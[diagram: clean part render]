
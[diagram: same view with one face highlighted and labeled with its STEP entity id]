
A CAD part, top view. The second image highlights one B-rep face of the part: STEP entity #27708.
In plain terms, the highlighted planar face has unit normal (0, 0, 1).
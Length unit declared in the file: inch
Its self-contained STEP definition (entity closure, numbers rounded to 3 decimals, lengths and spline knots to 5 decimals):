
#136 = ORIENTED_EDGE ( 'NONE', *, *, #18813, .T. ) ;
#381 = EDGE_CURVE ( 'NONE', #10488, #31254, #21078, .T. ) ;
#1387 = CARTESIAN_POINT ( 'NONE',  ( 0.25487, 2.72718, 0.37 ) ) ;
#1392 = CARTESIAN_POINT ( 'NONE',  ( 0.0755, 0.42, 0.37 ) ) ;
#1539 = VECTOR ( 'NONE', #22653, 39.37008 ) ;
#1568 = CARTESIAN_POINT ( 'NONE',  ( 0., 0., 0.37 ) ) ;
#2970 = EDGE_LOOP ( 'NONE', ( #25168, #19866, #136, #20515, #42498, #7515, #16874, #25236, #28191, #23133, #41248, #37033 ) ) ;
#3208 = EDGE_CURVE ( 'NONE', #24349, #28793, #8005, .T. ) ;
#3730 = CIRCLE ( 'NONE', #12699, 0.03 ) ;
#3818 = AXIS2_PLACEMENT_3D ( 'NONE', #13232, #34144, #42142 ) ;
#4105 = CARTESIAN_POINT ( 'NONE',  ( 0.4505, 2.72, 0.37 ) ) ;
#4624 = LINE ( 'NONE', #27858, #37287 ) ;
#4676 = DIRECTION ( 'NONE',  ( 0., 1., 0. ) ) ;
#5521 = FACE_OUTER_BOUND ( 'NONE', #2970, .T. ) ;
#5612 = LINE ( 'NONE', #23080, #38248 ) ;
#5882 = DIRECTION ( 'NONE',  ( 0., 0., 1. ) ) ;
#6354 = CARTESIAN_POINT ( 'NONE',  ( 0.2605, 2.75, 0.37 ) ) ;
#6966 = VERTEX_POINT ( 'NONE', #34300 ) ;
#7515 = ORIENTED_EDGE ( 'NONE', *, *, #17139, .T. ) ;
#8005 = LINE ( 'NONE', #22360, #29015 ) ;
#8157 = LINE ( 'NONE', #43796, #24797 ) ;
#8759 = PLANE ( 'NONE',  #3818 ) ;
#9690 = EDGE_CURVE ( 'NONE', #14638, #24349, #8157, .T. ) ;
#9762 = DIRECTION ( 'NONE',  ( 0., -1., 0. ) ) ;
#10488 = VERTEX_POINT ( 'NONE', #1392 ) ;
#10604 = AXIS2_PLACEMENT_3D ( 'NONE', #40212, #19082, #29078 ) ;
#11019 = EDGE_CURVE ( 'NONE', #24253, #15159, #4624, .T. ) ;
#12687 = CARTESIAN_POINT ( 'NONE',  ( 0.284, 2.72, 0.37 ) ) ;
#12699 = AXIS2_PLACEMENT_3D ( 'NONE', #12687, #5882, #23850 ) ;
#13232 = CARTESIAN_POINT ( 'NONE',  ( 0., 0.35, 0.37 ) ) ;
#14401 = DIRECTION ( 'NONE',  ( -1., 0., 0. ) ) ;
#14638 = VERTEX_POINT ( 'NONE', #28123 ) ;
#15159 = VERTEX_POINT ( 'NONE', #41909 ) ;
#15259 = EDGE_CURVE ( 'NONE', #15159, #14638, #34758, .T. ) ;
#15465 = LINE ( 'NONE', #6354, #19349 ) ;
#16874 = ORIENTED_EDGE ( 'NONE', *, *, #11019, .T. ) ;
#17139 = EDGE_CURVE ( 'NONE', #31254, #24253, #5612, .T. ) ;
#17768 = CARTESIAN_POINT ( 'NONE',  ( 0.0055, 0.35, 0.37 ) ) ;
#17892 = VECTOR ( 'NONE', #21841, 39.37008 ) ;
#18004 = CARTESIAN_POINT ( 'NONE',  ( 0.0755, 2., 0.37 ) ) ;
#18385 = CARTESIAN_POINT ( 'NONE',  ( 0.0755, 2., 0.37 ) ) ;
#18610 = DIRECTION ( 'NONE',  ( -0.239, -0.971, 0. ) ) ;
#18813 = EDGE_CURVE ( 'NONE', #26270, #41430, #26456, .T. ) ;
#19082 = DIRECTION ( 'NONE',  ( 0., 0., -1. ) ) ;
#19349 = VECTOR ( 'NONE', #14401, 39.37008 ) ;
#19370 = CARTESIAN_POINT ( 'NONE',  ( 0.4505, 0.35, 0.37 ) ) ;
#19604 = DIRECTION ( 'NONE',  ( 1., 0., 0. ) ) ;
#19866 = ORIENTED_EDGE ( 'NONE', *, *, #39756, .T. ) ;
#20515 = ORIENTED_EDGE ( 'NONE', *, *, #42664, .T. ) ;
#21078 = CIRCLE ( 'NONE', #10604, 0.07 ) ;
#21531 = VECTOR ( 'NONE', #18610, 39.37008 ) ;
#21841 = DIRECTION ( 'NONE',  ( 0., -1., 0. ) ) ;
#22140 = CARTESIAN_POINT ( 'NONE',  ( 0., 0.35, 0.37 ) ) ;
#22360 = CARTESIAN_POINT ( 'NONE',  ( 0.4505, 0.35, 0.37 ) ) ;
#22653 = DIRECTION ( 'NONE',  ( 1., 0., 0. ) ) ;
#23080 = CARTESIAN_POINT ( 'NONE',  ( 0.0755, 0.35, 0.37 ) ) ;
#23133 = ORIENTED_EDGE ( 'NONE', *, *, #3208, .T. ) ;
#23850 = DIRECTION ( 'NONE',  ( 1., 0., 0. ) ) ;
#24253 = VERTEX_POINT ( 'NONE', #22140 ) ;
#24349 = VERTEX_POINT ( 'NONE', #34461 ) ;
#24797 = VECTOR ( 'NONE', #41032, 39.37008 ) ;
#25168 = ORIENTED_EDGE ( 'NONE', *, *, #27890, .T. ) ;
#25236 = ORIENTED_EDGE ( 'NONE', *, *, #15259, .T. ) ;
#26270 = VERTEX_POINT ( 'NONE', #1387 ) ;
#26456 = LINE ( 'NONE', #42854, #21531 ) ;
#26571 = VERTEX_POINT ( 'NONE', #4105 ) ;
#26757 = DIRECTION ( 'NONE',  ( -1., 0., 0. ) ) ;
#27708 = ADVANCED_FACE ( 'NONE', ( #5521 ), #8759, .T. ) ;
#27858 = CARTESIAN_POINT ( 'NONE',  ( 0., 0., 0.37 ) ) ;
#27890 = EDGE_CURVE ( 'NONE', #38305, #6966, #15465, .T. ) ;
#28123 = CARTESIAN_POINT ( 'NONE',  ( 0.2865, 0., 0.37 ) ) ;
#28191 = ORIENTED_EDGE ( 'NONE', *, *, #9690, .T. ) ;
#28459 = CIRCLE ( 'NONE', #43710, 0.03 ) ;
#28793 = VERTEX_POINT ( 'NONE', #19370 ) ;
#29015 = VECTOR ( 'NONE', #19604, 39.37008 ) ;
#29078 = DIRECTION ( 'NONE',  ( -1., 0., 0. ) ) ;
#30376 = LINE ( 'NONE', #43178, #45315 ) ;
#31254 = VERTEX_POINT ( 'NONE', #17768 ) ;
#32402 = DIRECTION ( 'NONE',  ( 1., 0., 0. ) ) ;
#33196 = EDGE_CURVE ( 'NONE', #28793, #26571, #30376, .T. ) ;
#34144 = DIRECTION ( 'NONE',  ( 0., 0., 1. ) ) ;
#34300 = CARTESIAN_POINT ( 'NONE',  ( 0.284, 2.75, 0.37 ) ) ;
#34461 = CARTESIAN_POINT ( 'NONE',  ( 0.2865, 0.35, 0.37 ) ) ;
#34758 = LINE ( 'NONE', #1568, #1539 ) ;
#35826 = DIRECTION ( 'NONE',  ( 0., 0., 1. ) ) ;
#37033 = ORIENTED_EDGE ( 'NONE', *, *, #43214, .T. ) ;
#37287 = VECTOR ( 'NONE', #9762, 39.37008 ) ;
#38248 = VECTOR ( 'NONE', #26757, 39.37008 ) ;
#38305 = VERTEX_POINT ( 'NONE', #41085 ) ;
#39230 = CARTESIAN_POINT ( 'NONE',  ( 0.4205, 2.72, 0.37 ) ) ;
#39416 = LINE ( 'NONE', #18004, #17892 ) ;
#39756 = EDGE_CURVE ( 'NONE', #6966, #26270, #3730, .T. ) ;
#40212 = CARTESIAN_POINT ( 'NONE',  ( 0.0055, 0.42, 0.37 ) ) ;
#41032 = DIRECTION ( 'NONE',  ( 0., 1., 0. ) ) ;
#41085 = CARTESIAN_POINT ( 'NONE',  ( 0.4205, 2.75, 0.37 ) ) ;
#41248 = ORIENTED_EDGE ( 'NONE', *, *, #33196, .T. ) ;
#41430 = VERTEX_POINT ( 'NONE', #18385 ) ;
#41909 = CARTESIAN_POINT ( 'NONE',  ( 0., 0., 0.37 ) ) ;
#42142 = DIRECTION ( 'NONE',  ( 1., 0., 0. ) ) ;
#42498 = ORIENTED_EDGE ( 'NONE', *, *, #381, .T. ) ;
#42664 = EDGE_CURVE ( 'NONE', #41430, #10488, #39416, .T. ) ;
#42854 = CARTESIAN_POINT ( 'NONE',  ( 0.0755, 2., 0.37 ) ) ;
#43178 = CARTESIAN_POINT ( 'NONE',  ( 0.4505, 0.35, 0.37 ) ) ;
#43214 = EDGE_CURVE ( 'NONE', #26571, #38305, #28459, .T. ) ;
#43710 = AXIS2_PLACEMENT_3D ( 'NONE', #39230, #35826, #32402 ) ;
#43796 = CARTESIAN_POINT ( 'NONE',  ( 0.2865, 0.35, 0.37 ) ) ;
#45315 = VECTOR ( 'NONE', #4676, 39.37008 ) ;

::::::

> **GOAL OF THE EXERCISE**
When a line above contains the string "part", copy that line.

> **PROBLEM SOLUTION**
[diagram: clean part render]
A CAD part, top view. The second image highlights one B-rep face of the part: STEP entity #27708.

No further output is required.